Unlike many new space companies that went public through SPAC mergers during the pandemic, Sidus Space went public through a standard-issue IPO in January 2022. The IPO created 3 million new shares worth $5 a share on the NASDAQ, raising $15 million for the company. NASDAQ requires its stocks to have a minimum initial bid price of $5 per share, and to then remain a value at or above $1.00. Sidus Space is currently trading at 15 cents a share.
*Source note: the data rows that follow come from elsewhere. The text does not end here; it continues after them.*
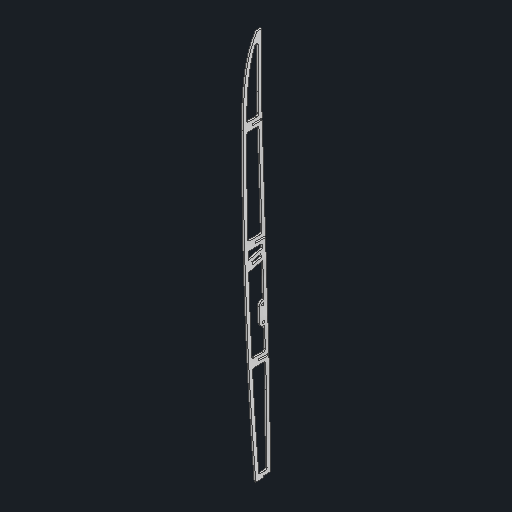
# Autodesk Inventor part: stringer_cowl
Saved by Autodesk Inventor 2023 (Build 270158030, 158C)
## iProperties
Created: 2022-03-23
Part Number: stringer_cowl
Material: Generic
Document SubType Name: Modeling
Designer: kardo
Density: 1 g/cm^3
Appearance: Default
Author: kardo
Autodesk Inventor part; units mm, degrees
ref_plane "YZ Plane" through (0, 0, 0) normal (1, 0, 0) x (0, 1, 0)
ref_plane "XZ Plane" through (0, 0, 0) normal (0, 1, 0) x (-1, 0, 0)
ref_plane "XY Plane" through (0, 0, 0) normal (0, 0, 1) x (1, 0, 0)
derived "parameters_frame.ipt"
derived "surface_body.ipt"
sketch "sk_rail_top_cowl" plane through (54.6, 0, 0) normal (1, 0, 0) x (0, 1, 0)
  spline S0 degree 2 poles (-363, 39.712) (-181.6483, 54.394) (0, 54.4) knots 0 0 0 1 1 1
  spline S1 degree 3 poles (0, 54.4) (52.14, 54.4) (75.84, 49.3408) (94.8, 37.536) knots 1 1 1 1 2 2 2 2
  point P0 (0, 0)
sketch "sk_rail_bottom_standoff" plane through (34.32, 0, 0) normal (1, 0, 0) x (0, 1, 0)
  line L0 (-363, 18.496) -> (-275.8801, 19.4795)
  arc A0 (-275.8801, 19.4795) -> (-254.1001, 19.9549) centre (-287.5515, 1053.3708) ccw
  line L1 (30.81, 28.832) -> (94.8, 28.832)
  arc A1 (30.81, 28.832) -> (9.48, 28.4869) centre (30.81, -630.4631) ccw
  line L2 (-254.1001, 19.9549) -> (9.48, 28.4869)
  line L3 (-483, 0) -> (357, 0) construction
  line L4 (9.48, 28.4869) -> (9.48, 0) construction
  line L5 (-254.1001, 19.9549) -> (-254.1001, 0) construction
  point P0 (0, 0)
  point P1 (-254.1001, 19.7253)
  point P2 (9.48, 28.832)
ref_plane "plane_middle" through (0, 0, 0) normal (0, 1, 0) x (-1, 0, 0)
ref_plane "plane_rear" through (0, -363, 0) normal (0, 1, 0) x (-1, 0, 0)
ref_plane "plane_cowl_right" through (54.6, 0, 0) normal (1, 0, 0) x (0, 1, 0)
ref_plane "plane_nose" through (0, 94.8, 0) normal (0, 1, 0) x (-1, 0, 0)
ref_plane "plane_tail_1" through (0, -120.9999, 0) normal (0, 1, 0) x (-1, 0, 0)
ref_plane "plane_tail_2" through (0, -242.0001, 0) normal (0, 1, 0) x (-1, 0, 0)
derived "stencil_frame.ipt"
sketch "sk_cowl_joint_locations" plane through (54.6, 0, 0) normal (1, 0, 0) x (0, 1, 0)
  line L0 (-363, 18.496) -> (-275.8801, 19.4795) construction
  arc A0 (-275.8801, 19.4795) -> (-254.1001, 19.9549) centre (-287.5515, 1053.3708) ccw construction
  line L1 (-254.1001, 19.9549) -> (9.48, 28.4869) construction
  arc A1 (30.81, 28.832) -> (9.48, 28.4869) centre (30.81, -630.4631) ccw construction
  line L2 (30.81, 28.832) -> (94.8, 28.832) construction
  line L3 (94.8, 30.032) -> (30.81, 30.032) construction
  arc A2 (30.81, 30.032) -> (9.4412, 29.6862) centre (30.81, -630.4631) ccw construction
  line L4 (9.4412, 29.6862) -> (-254.1389, 21.1542) construction
  arc A3 (-275.8936, 20.6794) -> (-254.1389, 21.1542) centre (-287.5515, 1053.3708) ccw construction
  line L5 (-275.8936, 20.6794) -> (-363, 19.6961) construction
  line L6 (-242.0001, 1541.8302) -> (-242.0001, -1877.3857) construction
  line L7 (-120.9999, 1541.8302) -> (-120.9999, -1877.3857) construction
  line L8 (-363, 1541.8302) -> (-363, -1877.3857) construction
  line L9 (0, 1541.8302) -> (0, -1877.3857) construction
  line L10 (-242.0001, 45.0688) -> (-242.0001, 21.5472) construction
  line L11 (-120.9999, 49.9661) -> (-120.9999, 25.4639) construction
  line L12 (-363, 19.6961) -> (-363, 19.6961)
  line L13 (-363, 19.6961) -> (-363, 36.9211) construction
  line L14 (-513.5712, 1550.2518) -> (344.0815, -1889.6051) construction
  line L15 (-362.7741, 36.9211) -> (-363, 39.712) construction
  spline S0 degree 2 poles (-363, 39.712) (-181.6483, 54.394) (0, 54.4) knots 0 0 0 1 1 1
  spline S1 degree 3 poles (0, 54.4) (52.14, 54.4) (75.84, 49.3408) (94.8, 37.536) knots 1 1 1 1 2 2 2 2
  line L16 (0, 51.6) -> (0, 29.3806) construction
  spline S2 degree 3 poles (93.3201, 35.1591) (91.7887, 36.1125) (88.6673, 37.9255) (84.5441, 39.9679) (80.1975, 41.8496) (76.5188, 43.2287) (71.6118, 44.7991) (67.4172, 45.9339) (61.7832, 47.203) (56.9422, 48.0997) (50.4217, 49.0741) (44.8094, 49.7373) (37.2484, 50.4231) (30.743, 50.8582) (21.9903, 51.263) (12.5916, 51.53) (4.3299, 51.6) (0, 51.6) knots 1 1 1 1 1.083333 1.166667 1.208333 1.291667 1.333333 1.416667 1.458333 1.541667 1.583333 1.666667 1.708333 1.791667 1.833333 1.916667 2 2 2 2
  spline S3 degree 3 poles (0, 51.6) (-20.1706, 51.5993) (-55.4643, 51.3605) (-95.7903, 50.6123) (-126.0307, 49.8474) (-146.1889, 49.2356) (-171.3841, 48.3435) (-191.5382, 47.528) (-216.7283, 46.3813) (-236.8783, 45.3621) (-262.0632, 43.9608) (-282.2091, 42.7379) (-307.3889, 41.082) (-332.5661, 39.2987) (-352.7052, 37.7363) (-362.7741, 36.9211) knots 0 0 0 0 0.166667 0.291667 0.333333 0.416667 0.458333 0.541667 0.583333 0.666666 0.708333 0.791666 0.833333 0.916666 1 1 1 1
  line L17 (-142.5135, 45.4866) -> (-137.389, 24.9334) construction
  line L18 (-134.789, 31.0394) -> (-138.6702, 30.0717) construction
  line L19 (-137.3512, 41.316) -> (-141.2324, 40.3483) construction
  line L20 (-142.5135, 45.4866) -> (-138.6324, 46.4543) construction
  line L21 (-137.389, 24.9334) -> (-133.5079, 25.9011) construction
  line L22 (-138.6324, 46.4543) -> (-138.8117, 52.2515) construction
  point P0 (0, 0)
  point P1 (-363, 28.3086)
  point P2 (-242.0001, 33.308)
  point P3 (-120.9999, 37.715)
  point P4 (0, 40.4903)
  point P5 (-513.5712, 1550.2518)
  point P6 (344.0815, -1889.6051)
  point P7 (-85.2629, 50.788)
  point P8 (0, 40.4903)
sketch "sk_servo_joint" plane through (-54.6, 0, 0) normal (1, 0, 0) x (0, 1, 0)
  line L0 (-254.1001, 19.9549) -> (9.48, 28.4869) construction
  line L1 (-363, 1541.8302) -> (-363, -1877.3857) construction
  line L2 (0, 1541.8302) -> (0, -1877.3857) construction
  line L3 (-204.8018, 21.5506) -> (-205.0153, 28.1472) construction
  line L4 (-205.0153, 28.1472) -> (-187.0247, 28.7295) construction
  line L5 (-187.0247, 28.7295) -> (-186.8112, 22.133) construction
  line L6 (-96.0723, 31.6736) -> (-99.3076, 131.6213) construction
  line L7 (-99.3076, 131.6213) -> (-199.2553, 128.386) construction
  line L8 (-199.2553, 128.386) -> (-196.02, 28.4384) construction
  line L9 (-187.0247, 28.7295) -> (-96.0723, 31.6736) construction
  point P0 (0, 0)
  point P1 (-191.0082, 43.6084)
sketch "sk_base" plane through (54.6, 0, 0) normal (1, 0, 0) x (0, 1, 0)
  line L0 (-363, 18.496) -> (-275.8801, 19.4795) construction
  arc A0 (-275.8801, 19.4795) -> (-254.1001, 19.9549) centre (-287.5515, 1053.3708) ccw construction
  line L1 (-254.1001, 19.9549) -> (9.48, 28.4869) construction
  arc A1 (30.81, 28.832) -> (9.48, 28.4869) centre (30.81, -630.4631) ccw construction
  line L2 (30.81, 28.832) -> (94.8, 28.832) construction
  spline S0 degree 3 poles (0, 54.4) (52.14, 54.4) (75.84, 49.3408) (94.8, 37.536) knots 1 1 1 1 2 2 2 2 construction
  spline S1 degree 2 poles (-363, 39.712) (-181.6483, 54.394) (0, 54.4) knots 0 0 0 1 1 1 construction
  line L3 (-363, 1390.1376) -> (-363, -967.2299) projected
  line L4 (94.8, 1390.1376) -> (94.8, -967.2299) construction
  line L5 (92.8, 30.032) -> (30.81, 30.032)
  arc A2 (30.81, 30.032) -> (9.4412, 29.6862) centre (30.81, -630.4631) ccw
  line L6 (9.4412, 29.6862) -> (-254.1389, 21.1542)
  arc A3 (-275.8936, 20.6794) -> (-254.1389, 21.1542) centre (-287.5515, 1053.3708) ccw
  line L7 (-275.8936, 20.6794) -> (-363.0135, 19.6959)
  line L8 (92.8, 35.4804) -> (92.8, 30.032)
  line L9 (-363, 39.712) -> (-362.7741, 36.9211) construction
  line L10 (-362.7741, 36.9211) -> (-363, 36.9028)
  spline S2 degree 4 poles (-362.7741, 36.9211) (-272.2777, 44.2476) (-181.5848, 49.1482) (-90.7923, 51.597) (0.0001, 51.6) knots 0 0 0 0 0 1 1 1 1 1
  spline S3 degree 5 poles (0, 51.6) (8.6623, 51.5996) (17.3257, 51.4847) (25.9841, 51.2081) (40.6061, 50.3871) (55.124, 48.5073) (61.0167, 47.5152) (71.2014, 45.2301) (80.9998, 41.6697) (85.0808, 39.882) (89.0143, 37.8005) (92.8, 35.4803) knots 0 0 0 0 0 0 0.45419 0.45419 0.45419 0.76719 0.76719 0.76719 1 1 1 1 1 1
  point P0 (0, 0)
  point P1 (-363, 19.6961)
  dimension "d3" = 2.8
  dimension "d2" = 1.2
  dimension "d4" = 2
  constraints: 12 end point, 4 point on circle, 2 centre point, 1 parallel, 1 perpendicular, 1 point on line, 12 other
  measures "d2" distance between parallel lines of L1 L6
  measures "d4" distance between parallel lines of L4 L8
extrude "thicken" add sketch "sk_base" along normal blind 2
sketch "sk_cut_weight" plane through (54.6, 0, 0) normal (1, 0, 0) x (0, 1, 0)
  spline S0 degree 3 poles (-362.7741, 36.9211) (-352.7052, 37.7363) (-332.5661, 39.2987) (-307.3889, 41.082) (-282.2091, 42.7379) (-262.0632, 43.9608) (-236.8782, 45.3622) (-216.7282, 46.3813) (-191.5382, 47.528) (-171.3841, 48.3435) (-146.1889, 49.2356) (-126.0307, 49.8474) (-95.7902, 50.6123) (-55.4642, 51.3605) (-20.1705, 51.5993) (0, 51.6) knots 0 0 0 0 0.083333 0.166667 0.208333 0.291667 0.333333 0.416667 0.458333 0.541667 0.583333 0.666667 0.708333 0.833333 1 1 1 1 construction
  line L0 (-275.8936, 20.6794) -> (-363.0135, 19.6959) construction
  line L1 (92.8, 35.4804) -> (92.8, 30.032) construction
  line L2 (-120.9999, 1390.1376) -> (-120.9999, -967.2299) construction
  line L3 (-242.0001, 1390.1376) -> (-242.0001, -967.2299) construction
  line L4 (-363, 1390.1376) -> (-363, -967.2299) construction
  line L5 (0, 1390.1376) -> (0, -967.2299) construction
  line L6 (9.4412, 29.6862) -> (-254.1389, 21.1542) construction
  arc A0 (-275.8936, 20.6794) -> (-254.1389, 21.1542) centre (-287.5515, 1053.3708) ccw construction
  line L7 (92.8, 30.032) -> (30.81, 30.032) construction
  arc A1 (30.81, 30.032) -> (9.4412, 29.6862) centre (30.81, -630.4631) ccw construction
  spline S1 degree 3 poles (0, 51.6) (4.2892, 51.6) (12.4768, 51.5313) (21.7997, 51.2693) (30.4878, 50.8723) (36.9499, 50.4454) (44.4658, 49.7727) (50.0487, 49.1222) (56.5394, 48.1665) (61.3615, 47.2871) (66.9766, 46.0423) (71.1592, 44.9294) (76.0533, 43.3895) (79.7229, 42.0373) (84.0576, 40.1926) (88.168, 38.1907) (91.2763, 36.4143) (92.8, 35.4804) knots 1 1 1 1 1.082549 1.165098 1.206372 1.288921 1.330196 1.412745 1.454019 1.536568 1.577842 1.660391 1.701666 1.784215 1.825489 1.908038 1.990587 1.990587 1.990587 1.990587 construction
  line L8 (-361, 19.6959) -> (-361, 51.6) construction
  line L9 (-240.0001, 51.6) -> (-240.0001, 19.6959) construction
  line L10 (-118.9999, 51.6) -> (-118.9999, 19.6959) construction
  line L11 (2, 51.6) -> (2, 19.6959) construction
  line L12 (-357, 33.3722) -> (-357, 23.7641)
  line L13 (-246.0001, 25.4198) -> (-246.0001, 40.8451)
  line L14 (-236.0001, 41.3831) -> (-236.0001, 25.7435)
  line L15 (-114.9999, 46.1227) -> (-114.9999, 29.6602)
  line L16 (-4, 33.2532) -> (-4, 47.5981)
  line L17 (6, 47.5764) -> (6, 33.5769)
  line L18 (87.3291, 34.032) -> (30.81, 34.032)
  arc A2 (30.81, 34.032) -> (9.3118, 33.6841) centre (30.81, -630.4631) ccw
  line L19 (9.3118, 33.6841) -> (-254.2683, 25.1521)
  arc A3 (-275.9388, 24.6791) -> (-254.2683, 25.1521) centre (-287.5515, 1053.3708) ccw
  line L20 (-275.9388, 24.6791) -> (-363.0587, 23.6957)
  line L21 (-124.9999, 45.8548) -> (-124.9999, 29.3365)
  spline S2 degree 4 poles (-362.4513, 32.9342) (-272.0355, 40.2541) (-181.4232, 45.1503) (-90.7115, 47.597) (0.0002, 47.6) knots 0 0 0 0 0 1 1 1 1 1
  spline S3 degree 5 poles (0, 47.6) (8.517, 47.5996) (17.035, 47.488) (25.5483, 47.2193) (39.8442, 46.4285) (54.0417, 44.6201) (59.7578, 43.6753) (68.8981, 41.6667) (77.7241, 38.6026) (81.0157, 37.2651) (84.2204, 35.7361) (87.3291, 34.032) knots 0 0 0 0 0 0 0.477132 0.477132 0.477132 0.801404 0.801404 0.801404 1 1 1 1 1 1
  point P0 (0, 0)
  dimension "d25" = 4
  dimension "d18" = 2
  dimension "d19" = 2
  dimension "d20" = 2
  dimension "d21" = 2
  dimension "d22" = 4
  dimension "d23" = 4
  dimension "d26" = 4
  dimension "d27" = 4
  dimension "d28" = 4
  dimension "d29" = 4
  dimension "d30" = 4
  constraints: 28 end point, 12 parallel, 8 horizontal alignment, 7 point on line, 4 point on circle, 2 centre point, 17 other
  measures "d18" distance between parallel lines of L3 L9
  measures "d19" distance between parallel lines of L10 L2
  measures "d20" distance between parallel lines of L11 L5
  measures "d21" distance between parallel lines of L8 L4
  measures "d22" distance between parallel lines of L8 L12
  measures "d23" distance between parallel lines of L13 L3
  measures "d26" distance between parallel lines of L9 L14
  measures "d27" distance between parallel lines of L10 L15
  measures "d28" distance between parallel lines of L16 L5
  measures "d29" distance between parallel lines of L11 L17
  measures "d30" distance between parallel lines of L21 L2
extrude "cut_weight" cut sketch "sk_cut_weight" along normal through all both and the other way through all contours S2 L13 L19 A3 L20 L12 | S2 L21 L19 L14 | S2 L16 L19 L15 | L17 S3 L18 A2 L19
fillet "rounding" radius 2 15 edges at (55.6, -246.0001, 25.4198) (55.6, -124.9999, 29.3365) (55.6, -4, 33.2532) (55.6, 87.3291, 34.032) (55.6, 6, 33.5769) (55.6, -114.9999, 29.6602) (55.6, -236.0001, 25.7435) (55.6, -357, 23.7641) (55.6, -357, 33.3722) (55.6, -236.0001, 41.3831) (55.6, -114.9999, 46.1227) (55.6, 6, 47.5764) (55.6, -4, 47.5981) (55.6, -124.9999, 45.8548) (55.6, -246.0001, 40.8451)
sketch "sk_joint_motor_mount" plane through (54.6, 0, 0) normal (1, 0, 0) x (0, 1, 0)
  spline S0 degree 3 poles (-362.7741, 36.9211) (-352.7052, 37.7363) (-332.5661, 39.2987) (-307.3889, 41.082) (-282.2091, 42.7379) (-262.0632, 43.9608) (-236.8782, 45.3622) (-216.7282, 46.3813) (-191.5382, 47.528) (-171.3841, 48.3435) (-146.1889, 49.2356) (-126.0307, 49.8474) (-95.7902, 50.6123) (-55.4642, 51.3605) (-20.1705, 51.5993) (0, 51.6) knots 0 0 0 0 0.083333 0.166667 0.208333 0.291667 0.333333 0.416667 0.458333 0.541667 0.583333 0.666667 0.708333 0.833333 1 1 1 1 projected
  line L0 (9.4412, 29.6862) -> (-254.1389, 21.1542) projected
  line L1 (-137.3512, 41.316) -> (-134.789, 31.0394) construction
  line L2 (-137.3512, 41.316) -> (-141.2324, 40.3483) construction
  line L3 (-141.2324, 40.3483) -> (-138.6702, 30.0717) construction
  line L4 (-138.6702, 30.0717) -> (-134.789, 31.0394) construction
  line L5 (-147.5546, 49.171) -> (-141.4785, 24.801)
  line L6 (-135.2837, 49.558) -> (-129.2101, 25.1981)
  point P0 (0, 0)
  dimension "d33" = 4
  dimension "d34" = 4
  dimension "d35" = 4
  constraints: 12 end point, 3 parallel, 2 coincident, 2 perpendicular, 2 point on line, 2 other
  measures "d33" distance between parallel lines of L1 L3
  measures "d34" distance between parallel lines of L3 L5
  measures "d35" distance between parallel lines of L1 L6
extrude "joint_motor_mount" add sketch "sk_joint_motor_mount" along normal blind 2
sketch "sk_joint_servo" plane through (54.6, 0, 0) normal (1, 0, 0) x (0, 1, 0)
  line L0 (9.4412, 29.6862) -> (-254.1389, 21.1542) projected
  line L1 (-181.6358, 23.5011) -> (-182.9143, 29.5923)
  arc A0 (-182.9143, 29.5923) -> (-187.1606, 32.9273) centre (-187.0247, 28.7295) ccw
  line L2 (-187.1606, 32.9273) -> (-205.1512, 32.345)
  arc A1 (-205.1512, 32.345) -> (-209.1729, 28.7423) centre (-205.0153, 28.1472) ccw
  line L3 (-209.1729, 28.7423) -> (-210.0548, 22.5812)
  point P0 (0, 0)
  dimension "d39" = 80
  dimension "d40" = 80
  dimension "d41" = 4.2
  constraints: 6 end point, 4 point on circle, 4 tangent, 2 centre point, 2 coincident, 2 point on line, 1 equal radius
  measures "d39" angle of L1 L0
  measures "d40" angle of L0 L3
  measures "d41" radius of A0
extrude "joint_servo" add sketch "sk_joint_servo" along normal blind 2
hole "drill_joint_servo" at (54.6, -205.0153, 28.1472) at (54.6, -187.0247, 28.7295) direction (1, 0, 0) diameter 3 end through all
sketch "sk_cowl_joint_cuts" plane through (54.6, 0, 0) normal (1, 0, 0) x (0, 1, 0)
  line L0 (-242.0001, 1390.1376) -> (-242.0001, -967.2299) projected
  line L1 (-120.9999, 1390.1376) -> (-120.9999, -967.2299) projected
  line L2 (0, 1390.1376) -> (0, -967.2299) projected
  line L3 (-363, 1390.1376) -> (-363, -967.2299) projected
  line L4 (-120.9999, -12.285) -> (-118.9999, -12.285)
  line L5 (-118.9999, -12.285) -> (-118.9999, 37.715)
  line L6 (-118.9999, 37.715) -> (-120.9999, 37.715)
  line L7 (0, -9.5097) -> (2, -9.5097)
  line L8 (2, -9.5097) -> (2, 40.4903)
  line L9 (2, 40.4903) -> (0, 40.4903)
  line L10 (-242.0001, 33.308) -> (-240.0001, 33.308)
  line L11 (-240.0001, 33.308) -> (-240.0001, -16.692)
  line L12 (-240.0001, -16.692) -> (-242.0001, -16.692)
  line L13 (-363, 28.3086) -> (-361, 28.3086)
  line L14 (-361, 28.3086) -> (-361, -21.6914)
  line L15 (-361, -21.6914) -> (-363, -21.6914)
  line L16 (-134.789, 31.0394) -> (-137.3512, 41.316)
  line L17 (-137.3512, 41.316) -> (-141.2324, 40.3483)
  line L18 (-141.2324, 40.3483) -> (-138.6702, 30.0717)
  line L19 (-138.6702, 30.0717) -> (-134.789, 31.0394)
  point P0 (0, 0)
  dimension "d8" = 2
  dimension "d15" = 50
  dimension "d16" = 4
  constraints: 33 end point, 11 parallel, 10 perpendicular, 4 point on line
  measures "d8" distance of L8.end L9.end
  measures "d15" distance of L7.end L8.end
  measures "d16" distance of L16.end L17.end
extrude "cut_joints" cut sketch "sk_cowl_joint_cuts" along normal through all
equation "\"d3\" = cowl_liner_thickness + cowl_shell_thickness"
equation "\"d2\" = shell_thickness"
equation "\"d4\" = bulkhead_thickness"
equation "\"d5\" = bulkhead_thickness"
equation "\"d25\" = bulkhead_inset"
equation "\"d18\" = bulkhead_thickness"
equation "\"d19\" = bulkhead_thickness"
equation "\"d20\" = bulkhead_thickness"
equation "\"d21\" = bulkhead_thickness"
equation "\"d22\" = bulkhead_inset"
equation "\"d23\" = bulkhead_inset"
equation "\"d26\" = bulkhead_inset"
equation "\"d27\" = bulkhead_inset"
equation "\"d28\" = bulkhead_inset"
equation "\"d29\" = bulkhead_inset"
equation "\"d30\" = bulkhead_inset"
equation "\"d38\" = 0.5 * bulkhead_inset"
equation "\"d33\" = 2 * bulkhead_thickness"
equation "\"d34\" = bulkhead_inset"
equation "\"d35\" = bulkhead_inset"
equation "\"d36\" = bulkhead_thickness"
equation "\"d41\" = 1.4 * drill_servo_mount_diam"
equation "\"d42\" = bulkhead_thickness"
equation "\"d44\" = drill_servo_mount_diam"
equation "\"d8\" = bulkhead_thickness"
equation "\"d16\" = 2 * bulkhead_thickness"
equation "\"cowl_liner_thickness\" = 1.2"
equation "\"cowl_shell_thickness\" = 1.6"
equation "\"shell_thickness\" = 1.2"
equation "\"bulkhead_thickness\" = 2"
equation "\"bulkhead_inset\" = 4"
equation "\"drill_servo_mount_diam\" = 3"
body "Solid1"

Sidus said it received a notification letter NASDAQ on Tuesday, stating that, “while Sidus has not regained compliance with the Minimum Bid Price Requirement, NASDAQ has determined that the Company is eligible for a Second Compliance Period.”

If at any time during the Second Compliance Period, the closing bid price of Sidus’s Class A common stock is at least $1 per share for a minimum of 10 consecutive business days, NASDAQ will provide Sidus with written confirmation of compliance. If compliance with the Minimum Bid Price Requirement cannot be demonstrated by March 11, 2024, NASDAQ will provide written notification that the Company’s Class A common stock will be delisted. At that time, the Company may appeal NASDAQ’s determination to a Hearings Panel.

“The Company intends to actively monitor the closing bid price of its Class A common stock and may, if appropriate, consider implementing available options to regain compliance with the minimum bid price under the Nasdaq Listing Rules,” Sidus said in a company statement.